When running this model, we can see how the model's accuracy drastically increases after the first epoch but then stays around the same through the final 4 epochs. We can also see from this output that the model still may be slightly overfitting the data, as the accuracy on the training set is always slightly higher than the accuracy on the validation set. Overall though we can be happy with seeing this model being able to achieve roughly 91% accuracy on the validation set. 

In [32]:
model_predictions=model.predict_classes(X_test)

In [33]:
print(accuracy_score(y_test,model_predictions))

0.9056089743589744


From this result we can see that this particular LSTM model is able to achieve 90.56% accuracy on the testing set. 

Conclusions and Future Work

By first cleaning up the text data, removing stop words, and then converting all the words in the articles to their root lemma, this allow both models to be very successful in being able to predict whether an article was real or fake. 
When comparing the Logistic Regression Model and the LSTM model, the Logistic Regression Model does a better job of making accurate predictions on this data set. Overall one can see that the logistic regression model was able to achieve on accuracy of 96.0% on the testing set, whereas the LSTM model was only able to achieve an accuracy of 90.4% on the testing set. Overall both these models do an extremely good job of being able to predict whether or not an article should be classified as real or fake news. 

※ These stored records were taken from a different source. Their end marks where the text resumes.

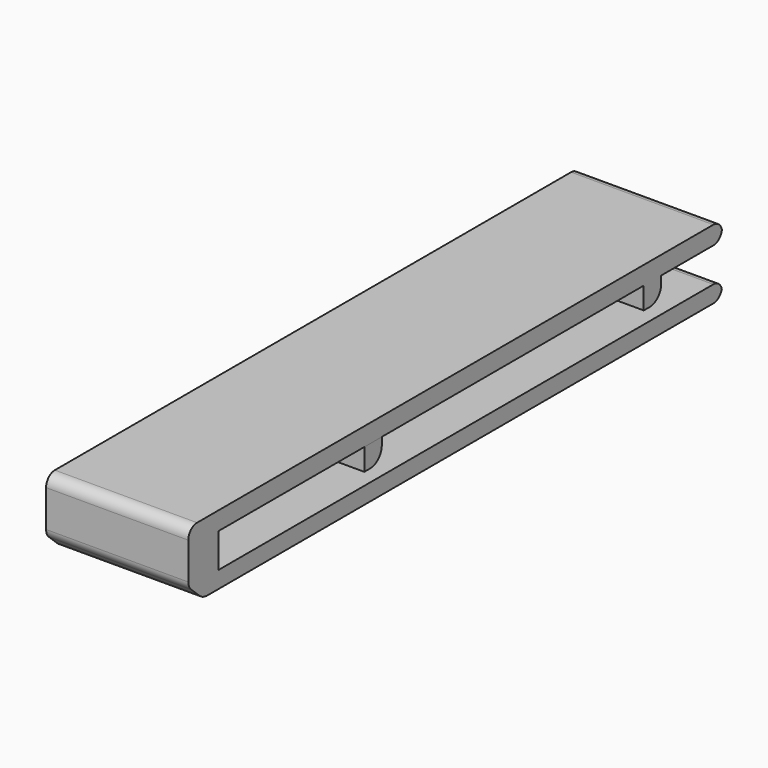
from build123d import *

# Parameters (mm, degrees)
F0_W        = 2.6942476507
F0_H        = 2.3
F0_W_2      = 86.3057523493
F0_H_2      = 2.5
F0_W_3      = 3
F0_H_3      = 3
F1_DEPTH    = 19.5
F2_T1_DEPTH = 27
F2_T3_DEPTH = 22.7585454732
F3_R        = 2
F3_2_R      = 2


# Not quite as in the source:
# - a fillet or chamfer that OpenCascade refuses, or shapes differently, is made with other operations: its cross-section is extruded or revolved along the edge and cut away or added


with BuildPart() as f1:
    # F0 (on Right) → F1 (new body)
    with BuildSketch(Plane.YZ):
        Polygon((-8.0138755839, 6.0200582189), (-8.0138755839, 1.3210557405), (-5.3196279332, 1.3210557405), (-5.3196279332, 6.0189673179), align=None)
        with Locations((-6.6667517586, 0.1710557405)):
            Rectangle(F0_W, F0_H)
        Polygon((-8.0138755839, -0.9789442595), (-8.0138755839, 1.3210557405), (-8.0138755839, 6.0200582189), (-10.4775000364, 6.0210557405), (-10.4775000364, 1.3210557405), align=None)
        with Locations((37.8332482414, 0.1710557405)):
            Rectangle(F0_W_2, F0_H)
        Polygon((-10.4775000364, 6.0210557405), (-8.0138755839, 6.0200582189), (-8.0138755839, 6.0210557405), align=None)
        Polygon((-8.0138755839, 6.0210557405), (-8.0138755839, 6.0200582189), (-5.3196279332, 6.0189673179), (-5.3196279332, 6.0210557405), align=None)
        Polygon((-5.3196279332, 6.0210557405), (-5.3196279332, 6.0189673179), (19.6803720668, 6.0088448171), (19.6803689531, 6.0210557405), (-2.3196279332, 6.0210557405), align=None)
        Polygon((-10.4775000364, 6.0210557405), (-8.0138755839, 6.0210557405), (-8.0138755839, 8.5210557405), (-10.4775000364, 8.5210557405), (-10.4775000364, 6.8358753532), align=None)
        with Locations((-6.6667517586, 7.2710557405)):
            Rectangle(F0_W, F0_H_2)
        with Locations((-3.8196279332, 7.2710557405)):
            Rectangle(F0_W_3, F0_H_2)
        Polygon((19.6803689531, 6.0210557405), (19.6803720668, 6.0088448171), (67.5681829453, 6.0210557405), align=None)
        Polygon((-2.3196279332, 8.5210557405), (-2.3196279332, 6.0210557405), (19.6803689531, 6.0210557405), (19.6797314776, 8.5210557405), align=None)
        Polygon((19.6803689531, 6.0210557405), (67.5681829453, 6.0210557405), (70.5681829453, 6.0210557405), (80.9861244161, 6.0210557405), (80.9861244161, 8.5210557405), (19.6797314776, 8.5210557405), align=None)
        with Locations((69.0681829453, 4.5210557405)):
            Rectangle(F0_W_3, F0_H_3)
    extrude(amount=F1_DEPTH)

    # F2: fillet of radius 1.5 on 6 edges, made by hand

    # F2_s2 → F2_t1 (cut)
    with BuildSketch(Plane.YZ.offset(-3.75)):
        with BuildLine():
            ThreePointArc((-8.9775000364, 8.5210557405), (-10.0381602081, 8.0817159123), (-10.4775000364, 7.0210557405))
            Line((-10.4775000364, 7.0210557405), (-10.4775000364, 8.5210557405))
            Line((-10.4775000364, 8.5210557405), (-8.9775000364, 8.5210557405))
        make_face()
        with BuildLine():
            ThreePointArc((80.9861244161, 7.0210557405), (80.5467845879, 8.0817159123), (79.4861244161, 8.5210557405))
            Line((79.4861244161, 8.5210557405), (80.9861244161, 8.5210557405))
            Line((80.9861244161, 8.5210557405), (80.9861244161, 7.0210557405))
        make_face()
        with BuildLine():
            ThreePointArc((79.4861244161, 6.0210557405), (80.5467845879, 6.4603955687), (80.9861244161, 7.5210557405))
            Line((80.9861244161, 7.5210557405), (80.9861244161, 6.0210557405))
            Line((80.9861244161, 6.0210557405), (79.4861244161, 6.0210557405))
        make_face()
        with BuildLine():
            ThreePointArc((80.9861244161, -0.1789442595), (80.5467845879, 0.8817159123), (79.4861244161, 1.3210557405))
            Line((79.4861244161, 1.3210557405), (80.9861244161, 1.3210557405))
            Line((80.9861244161, 1.3210557405), (80.9861244161, -0.1789442595))
        make_face()
        with BuildLine():
            ThreePointArc((79.4861244161, -0.9789442595), (80.5467845879, -0.5396044313), (80.9861244161, 0.5210557405))
            Line((80.9861244161, 0.5210557405), (80.9861244161, -0.9789442595))
            Line((80.9861244161, -0.9789442595), (79.4861244161, -0.9789442595))
        make_face()
    extrude(amount=F2_T1_DEPTH, mode=Mode.SUBTRACT)

    # F2_s4 → F2_t3 (cut)
    with BuildSketch(Plane.YZ.offset(-1.6292727366)):
        with BuildLine():
            ThreePointArc((-10.0011242018, 0.8763189551), (-10.3532609618, 1.3750342303), (-10.4775000364, 1.9727648351))
            Line((-10.4775000364, 1.9727648351), (-10.4775000364, 1.3210557405))
            Line((-10.4775000364, 1.3210557405), (-10.0011242018, 0.8763189551))
        make_face()
    extrude(amount=F2_T3_DEPTH, mode=Mode.SUBTRACT)

    # F3
    f3_edges = [f1.edges().sort_by_distance(p)[0] for p in [
        (9.75, -8.013876, -0.978944),
        (9.75, 70.568183, 3.021056),
    ]]
    fillet(f3_edges, radius=F3_R)


with BuildPart() as f1b:
    # F0 (on Right) → F1, piece 2 (new body)
    with BuildSketch(Plane.YZ):
        with Locations((21.1803720668, 4.5088448171)):
            Rectangle(F0_W_3, F0_H_3)
    extrude(amount=F1_DEPTH)

    # F3#2
    f3_2_edges = [f1b.edges().sort_by_distance(p)[0] for p in [
        (9.75, 22.680372, 3.008845),
    ]]
    fillet(f3_2_edges, radius=F3_2_R)


solid = Compound([f1.part, f1b.part])
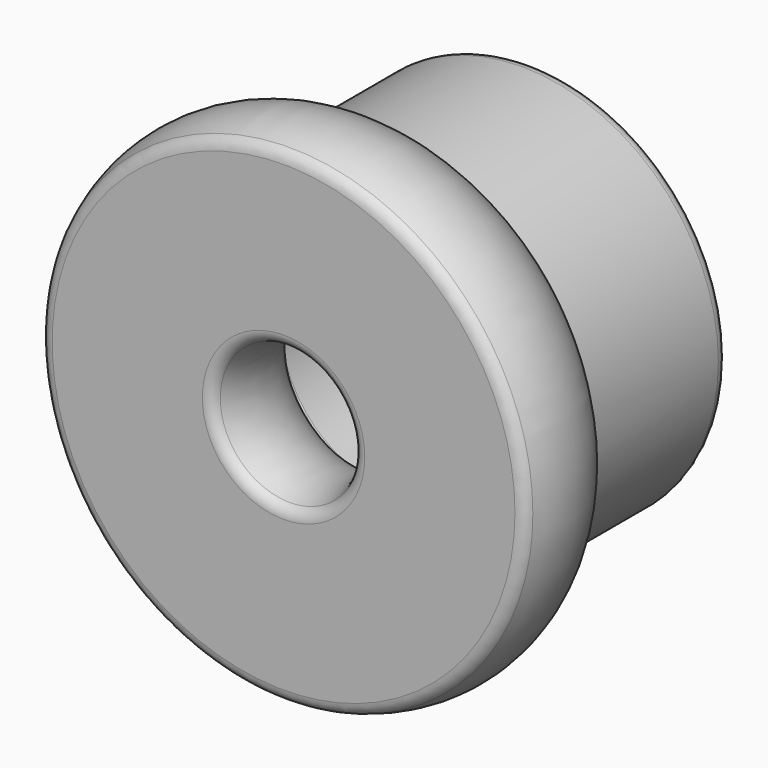
from build123d import *

# Parameters (mm, degrees)
F2_R = 5.08
F3_R = 5.08


# Not quite as in the source:
# - a fillet or chamfer that OpenCascade refuses, or shapes differently, is made with other operations: its cross-section is extruded or revolved along the edge and cut away or added


with BuildPart() as f1:
    # F0 (on Top) → F1 (revolve)
    with BuildSketch(Plane.XY):
        Polygon((15.8496014774, 59.5883987844), (-18.2879995555, 59.5883987844), (-18.2879995555, -12.9540003836), (-17.6547473952, -12.9540003836), (15.8496014774, -12.9540003836), (15.8496014774, -12.0559275107), align=None)
        with BuildLine():
            ThreePointArc((33.0465635914, -64.1603991389), (35.7271287753, -34.3855398181), (15.8496014774, -12.0559275107))
            Line((15.8496014774, -12.0559275107), (15.8496014774, -12.9540003836))
            Line((15.8496014774, -12.9540003836), (-17.6547473952, -12.9540003836))
            ThreePointArc((-17.6547473952, -12.9540003836), (-36.0302588433, -35.3470835296), (-33.0465635914, -64.1603991389))
            Line((-33.0465635914, -64.1603991389), (33.0465635914, -64.1603991389))
        make_face()
    revolve(axis=Axis((-62.1792003512, -0.6096027792, 0), (0, -1, 0)))

    # F2
    f2_edges = [f1.edges().sort_by_distance(p)[0] for p in [
        (-157.404964, -64.160399, 0),
        (-140.208002, 59.588399, 0),
    ]]
    fillet(f2_edges, radius=F2_R)

    # F3
    f3_edges = [f1.edges().sort_by_distance(p)[0] for p in [
        (-140.208002, -12.055928, 0),
    ]]
    fillet(f3_edges, radius=F3_R)

    # F4: fillet of radius 5.08 on 3 edges, made by hand

    # F4_s1 → F4_t2 (revolve, cut)
    with BuildSketch(Plane.XY):
        with BuildLine():
            ThreePointArc((-13.2079995555, 59.5883987844), (-16.8001020039, 58.1005012328), (-18.2879995555, 54.5083987844))
            Line((-18.2879995555, 54.5083987844), (-18.2879995555, 59.5883987844))
            Line((-18.2879995555, 59.5883987844), (-13.2079995555, 59.5883987844))
        make_face()
    revolve(axis=Axis((-62.1792003512, 59.5883987844, 0), (0, -1, 0)), mode=Mode.SUBTRACT)

    # F4_s3 → F4_t4 (revolve, cut)
    with BuildSketch(Plane.XY):
        with BuildLine():
            ThreePointArc((-18.2879995555, -10.4978176442), (-18.1271396747, -11.7660686), (-17.6547473952, -12.9540003836))
            Line((-17.6547473952, -12.9540003836), (-18.2879995555, -12.9540003836))
            Line((-18.2879995555, -12.9540003836), (-18.2879995555, -10.4978176442))
        make_face()
    revolve(axis=Axis((-62.1792003512, -12.9540003836, 0), (0, -1, 0)), mode=Mode.SUBTRACT)

    # F4_s5 → F4_t6 (revolve, cut)
    with BuildSketch(Plane.XY):
        with BuildLine():
            ThreePointArc((-29.8753679594, -64.1603991389), (-32.6659019153, -63.3253161277), (-34.5389840999, -61.0946197064))
            ThreePointArc((-34.5389840999, -61.0946197064), (-33.8275230407, -62.6444253203), (-33.0465635914, -64.1603991389))
            Line((-33.0465635914, -64.1603991389), (-29.8753679594, -64.1603991389))
        make_face()
    revolve(axis=Axis((-62.1792003512, -64.1603991389, 0), (0, -1, 0)), mode=Mode.SUBTRACT)


solid = f1.part

While being able to achieve scores as high on 96% and 90.4% is very exciting on its own, this project could be built on heavily on the future. Firstly, while I tried to create many different models using the LSTM and the embedding layers, there is other types of LSTM models that could be explored in the future. By potentially trying out differing types of LSTM variations or even trying out a more recent approach such as a Gated Recurrent Unit (GRU) model, I could hope to improve the accuracy of this particular type of model even further. I could also have tried with the Logistic Regression model different sizes of bag of word models, beyond just the one word sized model. 

Beyond just ways to increase the accuracy of the models themselves, the work done in this project could be used heavily to start identifying news articles outside of the one in this dataset. Being able to detect and remove fake news articles early on from sites such as Twitter or Facebook has huge societal implications, and maintaining faith in science and the truth in general, and using these types of models could be one way to begin trying to solve this issue. By utilizing these types of models to detect fake news articles early on could help prevent the spread of fake news and help people begin relying on more trusted sources in the future. 

Works Cited

“Fake News.” Kaggle, www.kaggle.com/c/fake-news. 

Phi, Michael. “Illustrated Guide to LSTM's and GRU's: A Step by Step Explanation.” Medium, Towards Data Science, 28 June 2020, towardsdatascience.com/illustrated-guide-to-lstms-and-gru-s-a-step-by-step-explanation-44e9eb85bf21. 

Raschka, Sebastian, and Vahid Mirjalili. Python Machine Learning. Packt Publishing Limited, 2015. 

Sinha, Nimesh. “Understanding LSTM and Its Quick Implementation in Keras for Sentiment Analysis.” Medium, Towards Data Science, 3 Mar. 2018, towardsdatascience.com/understanding-lstm-and-its-quick-implementation-in-keras-for-sentiment-analysis-af410fd85b47.